# What you are asked to do
Give back each line of the data exactly.

# Provided records
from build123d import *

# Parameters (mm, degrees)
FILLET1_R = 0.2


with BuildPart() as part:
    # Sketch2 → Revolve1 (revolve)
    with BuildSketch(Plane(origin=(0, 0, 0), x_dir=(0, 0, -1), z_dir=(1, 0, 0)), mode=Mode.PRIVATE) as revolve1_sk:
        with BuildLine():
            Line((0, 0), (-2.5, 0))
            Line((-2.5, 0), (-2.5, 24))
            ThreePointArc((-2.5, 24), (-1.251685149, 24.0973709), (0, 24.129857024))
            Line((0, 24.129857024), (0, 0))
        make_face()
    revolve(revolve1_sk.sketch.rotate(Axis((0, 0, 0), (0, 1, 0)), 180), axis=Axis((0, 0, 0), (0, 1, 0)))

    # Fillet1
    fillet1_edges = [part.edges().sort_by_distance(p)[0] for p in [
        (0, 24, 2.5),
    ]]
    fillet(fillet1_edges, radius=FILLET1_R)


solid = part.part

# Task response
from build123d import *

# Parameters (mm, degrees)
FILLET1_R = 0.2


with BuildPart() as part:
    # Sketch2 → Revolve1 (revolve)
    with BuildSketch(Plane(origin=(0, 0, 0), x_dir=(0, 0, -1), z_dir=(1, 0, 0)), mode=Mode.PRIVATE) as revolve1_sk:
        with BuildLine():
            Line((0, 0), (-2.5, 0))
            Line((-2.5, 0), (-2.5, 24))
            ThreePointArc((-2.5, 24), (-1.251685149, 24.0973709), (0, 24.129857024))
            Line((0, 24.129857024), (0, 0))
        make_face()
    revolve(revolve1_sk.sketch.rotate(Axis((0, 0, 0), (0, 1, 0)), 180), axis=Axis((0, 0, 0), (0, 1, 0)))

    # Fillet1
    fillet1_edges = [part.edges().sort_by_distance(p)[0] for p in [
        (0, 24, 2.5),
    ]]
    fillet(fillet1_edges, radius=FILLET1_R)


solid = part.part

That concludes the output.